Cross-cultural design practices have begun to rise in prominence, but these practices have infrequently intersected with common user-centred design practices that value the participation and lived experience of users. In this paper, we analyse a shared data-set that documented the efforts of a Scandinavian design team as they designed a co-creation workshop with Chinese consumers. We identified how the design team referred to workshop participants, focusing on how these references implicated the design team’s understanding of Chinese culture. We identified referents to the participants to locate projection of and reflection on participant interaction, and performed a thematic analysis of design and debrief activities to document the team’s articulation and activation of instrumental judgements relating to culture. The team’s instrumental judgements shifted over time, moving from totalising cultural references in the design phase to frequent translator-mediated interactions in the debrief phase.

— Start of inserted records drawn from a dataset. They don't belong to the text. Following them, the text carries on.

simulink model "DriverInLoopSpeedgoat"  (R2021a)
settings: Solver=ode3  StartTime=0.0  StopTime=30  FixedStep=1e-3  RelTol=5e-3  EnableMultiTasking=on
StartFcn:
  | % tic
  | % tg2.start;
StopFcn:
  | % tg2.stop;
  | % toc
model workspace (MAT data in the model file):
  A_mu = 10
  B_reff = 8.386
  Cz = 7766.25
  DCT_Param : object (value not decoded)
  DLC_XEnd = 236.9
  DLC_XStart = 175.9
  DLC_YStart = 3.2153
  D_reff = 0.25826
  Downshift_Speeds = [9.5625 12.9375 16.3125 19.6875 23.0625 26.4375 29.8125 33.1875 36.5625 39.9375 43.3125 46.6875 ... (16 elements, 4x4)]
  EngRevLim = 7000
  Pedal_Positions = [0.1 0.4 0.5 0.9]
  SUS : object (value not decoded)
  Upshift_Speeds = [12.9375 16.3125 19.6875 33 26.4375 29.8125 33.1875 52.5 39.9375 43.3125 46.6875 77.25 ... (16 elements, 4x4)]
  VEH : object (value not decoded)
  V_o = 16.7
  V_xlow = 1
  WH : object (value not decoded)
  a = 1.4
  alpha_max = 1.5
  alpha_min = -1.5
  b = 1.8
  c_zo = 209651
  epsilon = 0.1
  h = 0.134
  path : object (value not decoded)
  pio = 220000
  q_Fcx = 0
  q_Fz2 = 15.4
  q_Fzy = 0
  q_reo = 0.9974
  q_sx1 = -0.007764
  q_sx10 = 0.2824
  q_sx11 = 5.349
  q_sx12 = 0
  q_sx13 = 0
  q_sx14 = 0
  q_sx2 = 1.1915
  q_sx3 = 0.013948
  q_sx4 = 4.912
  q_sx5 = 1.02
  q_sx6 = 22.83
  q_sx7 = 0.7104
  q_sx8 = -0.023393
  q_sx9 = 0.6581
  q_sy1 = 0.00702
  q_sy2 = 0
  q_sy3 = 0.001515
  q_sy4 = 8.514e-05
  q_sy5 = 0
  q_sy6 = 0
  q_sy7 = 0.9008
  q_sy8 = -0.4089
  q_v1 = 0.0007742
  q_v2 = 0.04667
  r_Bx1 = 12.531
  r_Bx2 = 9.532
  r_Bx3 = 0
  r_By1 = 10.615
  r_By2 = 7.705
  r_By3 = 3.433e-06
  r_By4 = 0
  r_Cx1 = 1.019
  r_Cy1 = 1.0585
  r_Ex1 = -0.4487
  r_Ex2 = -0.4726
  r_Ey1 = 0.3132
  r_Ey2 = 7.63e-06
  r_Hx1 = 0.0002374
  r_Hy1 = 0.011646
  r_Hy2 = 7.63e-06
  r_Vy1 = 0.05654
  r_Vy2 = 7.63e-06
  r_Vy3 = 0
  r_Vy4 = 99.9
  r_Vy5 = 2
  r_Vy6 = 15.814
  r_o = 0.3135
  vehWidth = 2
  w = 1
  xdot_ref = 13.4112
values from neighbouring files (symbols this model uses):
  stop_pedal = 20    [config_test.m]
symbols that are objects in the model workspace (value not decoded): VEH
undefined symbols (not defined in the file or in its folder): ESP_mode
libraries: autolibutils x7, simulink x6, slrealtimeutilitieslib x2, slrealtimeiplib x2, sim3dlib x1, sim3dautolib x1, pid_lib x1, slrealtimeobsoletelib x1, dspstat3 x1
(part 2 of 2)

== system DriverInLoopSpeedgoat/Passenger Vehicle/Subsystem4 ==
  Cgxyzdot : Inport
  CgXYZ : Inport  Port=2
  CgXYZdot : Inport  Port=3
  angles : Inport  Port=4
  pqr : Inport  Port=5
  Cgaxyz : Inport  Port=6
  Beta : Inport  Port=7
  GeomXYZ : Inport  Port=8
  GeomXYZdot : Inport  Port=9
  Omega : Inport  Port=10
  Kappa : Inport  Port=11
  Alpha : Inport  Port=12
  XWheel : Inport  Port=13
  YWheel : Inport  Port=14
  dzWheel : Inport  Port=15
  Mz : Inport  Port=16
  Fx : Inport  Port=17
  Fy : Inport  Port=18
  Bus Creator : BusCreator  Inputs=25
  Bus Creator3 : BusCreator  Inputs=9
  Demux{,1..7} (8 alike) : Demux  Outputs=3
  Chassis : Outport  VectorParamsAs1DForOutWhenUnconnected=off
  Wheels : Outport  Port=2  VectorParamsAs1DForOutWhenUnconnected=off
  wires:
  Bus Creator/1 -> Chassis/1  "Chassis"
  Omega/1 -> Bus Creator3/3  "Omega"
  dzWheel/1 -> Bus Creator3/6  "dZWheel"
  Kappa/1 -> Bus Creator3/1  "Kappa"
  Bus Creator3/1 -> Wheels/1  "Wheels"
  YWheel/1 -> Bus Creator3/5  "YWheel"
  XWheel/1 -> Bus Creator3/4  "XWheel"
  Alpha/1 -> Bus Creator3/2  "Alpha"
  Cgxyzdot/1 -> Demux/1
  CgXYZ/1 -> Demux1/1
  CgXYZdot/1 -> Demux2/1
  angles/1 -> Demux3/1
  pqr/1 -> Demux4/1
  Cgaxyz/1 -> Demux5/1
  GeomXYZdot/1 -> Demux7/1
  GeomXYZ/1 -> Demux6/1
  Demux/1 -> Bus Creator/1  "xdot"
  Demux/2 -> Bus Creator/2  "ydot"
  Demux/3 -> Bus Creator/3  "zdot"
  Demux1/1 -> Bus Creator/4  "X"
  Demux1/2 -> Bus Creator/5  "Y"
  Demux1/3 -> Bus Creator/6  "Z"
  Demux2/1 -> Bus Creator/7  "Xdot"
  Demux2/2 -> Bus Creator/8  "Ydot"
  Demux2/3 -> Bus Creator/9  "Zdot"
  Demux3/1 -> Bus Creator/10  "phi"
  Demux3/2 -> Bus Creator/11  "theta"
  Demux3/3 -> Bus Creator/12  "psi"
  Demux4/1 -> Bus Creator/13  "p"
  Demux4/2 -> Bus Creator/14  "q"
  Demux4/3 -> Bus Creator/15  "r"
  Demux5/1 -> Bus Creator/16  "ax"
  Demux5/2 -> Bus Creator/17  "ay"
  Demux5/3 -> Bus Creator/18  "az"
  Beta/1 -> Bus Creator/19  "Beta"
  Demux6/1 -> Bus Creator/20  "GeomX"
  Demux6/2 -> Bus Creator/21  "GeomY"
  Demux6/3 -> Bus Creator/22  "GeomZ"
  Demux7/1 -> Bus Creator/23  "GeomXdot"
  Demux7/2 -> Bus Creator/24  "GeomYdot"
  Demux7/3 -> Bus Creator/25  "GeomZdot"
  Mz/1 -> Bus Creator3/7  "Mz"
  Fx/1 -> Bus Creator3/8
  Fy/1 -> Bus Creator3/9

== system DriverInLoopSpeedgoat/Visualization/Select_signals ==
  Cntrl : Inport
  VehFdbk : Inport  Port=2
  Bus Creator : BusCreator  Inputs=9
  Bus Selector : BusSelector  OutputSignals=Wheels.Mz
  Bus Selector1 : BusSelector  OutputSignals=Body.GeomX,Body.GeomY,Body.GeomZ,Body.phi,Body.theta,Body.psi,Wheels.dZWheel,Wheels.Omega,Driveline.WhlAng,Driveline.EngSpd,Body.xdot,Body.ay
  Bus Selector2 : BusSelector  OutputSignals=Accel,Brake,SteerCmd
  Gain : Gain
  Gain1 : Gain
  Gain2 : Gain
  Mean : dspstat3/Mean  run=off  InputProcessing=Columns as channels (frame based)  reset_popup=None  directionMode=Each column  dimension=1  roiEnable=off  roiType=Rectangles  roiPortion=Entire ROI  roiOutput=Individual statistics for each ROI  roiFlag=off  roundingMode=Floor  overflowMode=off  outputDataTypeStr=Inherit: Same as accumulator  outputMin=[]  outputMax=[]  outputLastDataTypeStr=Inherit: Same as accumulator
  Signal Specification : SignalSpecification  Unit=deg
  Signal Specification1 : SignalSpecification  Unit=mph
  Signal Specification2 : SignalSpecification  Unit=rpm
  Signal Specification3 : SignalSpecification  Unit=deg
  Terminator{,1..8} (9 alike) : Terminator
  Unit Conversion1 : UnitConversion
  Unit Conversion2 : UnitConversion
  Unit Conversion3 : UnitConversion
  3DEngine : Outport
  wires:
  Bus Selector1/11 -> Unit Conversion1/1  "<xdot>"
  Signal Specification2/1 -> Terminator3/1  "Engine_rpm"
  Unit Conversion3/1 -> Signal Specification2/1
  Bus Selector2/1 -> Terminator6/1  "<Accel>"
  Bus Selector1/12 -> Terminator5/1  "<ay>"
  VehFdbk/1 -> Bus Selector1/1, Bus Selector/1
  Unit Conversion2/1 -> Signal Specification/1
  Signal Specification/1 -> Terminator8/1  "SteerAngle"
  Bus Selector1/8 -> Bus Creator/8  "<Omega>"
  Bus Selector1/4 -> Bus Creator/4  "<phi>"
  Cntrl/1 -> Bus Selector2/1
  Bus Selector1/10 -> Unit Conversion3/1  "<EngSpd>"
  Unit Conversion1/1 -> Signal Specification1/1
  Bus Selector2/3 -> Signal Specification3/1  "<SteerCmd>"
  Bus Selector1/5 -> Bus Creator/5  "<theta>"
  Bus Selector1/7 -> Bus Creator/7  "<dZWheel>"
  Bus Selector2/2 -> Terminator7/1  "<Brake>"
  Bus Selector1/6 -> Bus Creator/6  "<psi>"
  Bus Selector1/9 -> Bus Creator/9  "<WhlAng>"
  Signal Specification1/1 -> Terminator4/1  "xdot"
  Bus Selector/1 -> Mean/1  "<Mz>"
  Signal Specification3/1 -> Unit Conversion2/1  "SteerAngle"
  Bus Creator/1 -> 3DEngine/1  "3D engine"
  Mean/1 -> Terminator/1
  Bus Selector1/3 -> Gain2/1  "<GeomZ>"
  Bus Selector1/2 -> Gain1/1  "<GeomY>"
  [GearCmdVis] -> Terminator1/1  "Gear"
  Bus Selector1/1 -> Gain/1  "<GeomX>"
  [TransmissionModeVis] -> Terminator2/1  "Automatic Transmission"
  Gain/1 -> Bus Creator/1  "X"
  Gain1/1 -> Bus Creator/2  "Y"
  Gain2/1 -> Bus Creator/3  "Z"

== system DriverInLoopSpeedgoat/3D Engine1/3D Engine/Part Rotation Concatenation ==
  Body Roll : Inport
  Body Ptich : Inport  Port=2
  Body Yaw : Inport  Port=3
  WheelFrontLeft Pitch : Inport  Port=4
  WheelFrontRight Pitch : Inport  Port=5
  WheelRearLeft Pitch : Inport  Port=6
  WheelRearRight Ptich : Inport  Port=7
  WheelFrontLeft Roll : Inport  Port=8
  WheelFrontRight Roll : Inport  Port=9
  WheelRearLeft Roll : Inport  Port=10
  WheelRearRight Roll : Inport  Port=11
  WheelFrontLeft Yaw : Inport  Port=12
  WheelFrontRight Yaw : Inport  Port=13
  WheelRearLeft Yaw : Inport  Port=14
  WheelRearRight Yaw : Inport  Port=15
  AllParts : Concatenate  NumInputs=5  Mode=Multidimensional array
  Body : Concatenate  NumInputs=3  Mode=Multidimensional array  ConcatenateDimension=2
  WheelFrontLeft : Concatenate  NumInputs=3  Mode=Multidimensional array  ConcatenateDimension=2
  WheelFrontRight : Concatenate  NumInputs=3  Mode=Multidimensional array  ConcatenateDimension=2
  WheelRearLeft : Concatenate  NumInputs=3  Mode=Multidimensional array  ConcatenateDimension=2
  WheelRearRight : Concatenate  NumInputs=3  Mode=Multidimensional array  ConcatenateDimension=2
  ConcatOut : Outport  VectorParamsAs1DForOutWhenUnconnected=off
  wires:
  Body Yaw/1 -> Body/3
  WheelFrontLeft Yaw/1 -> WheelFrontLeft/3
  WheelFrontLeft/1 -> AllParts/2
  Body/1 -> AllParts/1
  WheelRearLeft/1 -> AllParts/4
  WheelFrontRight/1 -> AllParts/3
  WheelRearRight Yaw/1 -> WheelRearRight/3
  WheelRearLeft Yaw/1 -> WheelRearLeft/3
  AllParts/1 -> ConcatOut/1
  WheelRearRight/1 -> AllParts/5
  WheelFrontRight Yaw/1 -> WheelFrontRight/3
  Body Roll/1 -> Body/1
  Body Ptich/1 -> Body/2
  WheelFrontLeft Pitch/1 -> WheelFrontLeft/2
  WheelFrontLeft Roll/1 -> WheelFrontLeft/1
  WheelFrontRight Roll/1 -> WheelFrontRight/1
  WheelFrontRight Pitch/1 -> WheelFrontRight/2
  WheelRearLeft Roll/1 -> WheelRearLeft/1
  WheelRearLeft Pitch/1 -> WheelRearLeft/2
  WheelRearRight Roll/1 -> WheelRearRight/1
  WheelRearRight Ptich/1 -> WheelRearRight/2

Translators ‘nuanced’ the cultural meanings being explored by the design team, while team members attempted to engage with cultural concerns by ‘making familiar’ these concerns within the context of their own culture. Implications for considering culture as a part of standard user research methods and paradigms are considered, along with practical considerations for foregrounding cultural assumptions in design activity.

Notes

1. This term references a critique of programming practices by Dijkstra in 1968. ‘Considered harmful’ now references a critical reading of existing practices in computing, made popular in the HCI literature by Greenberg and Buxton (Citation2008).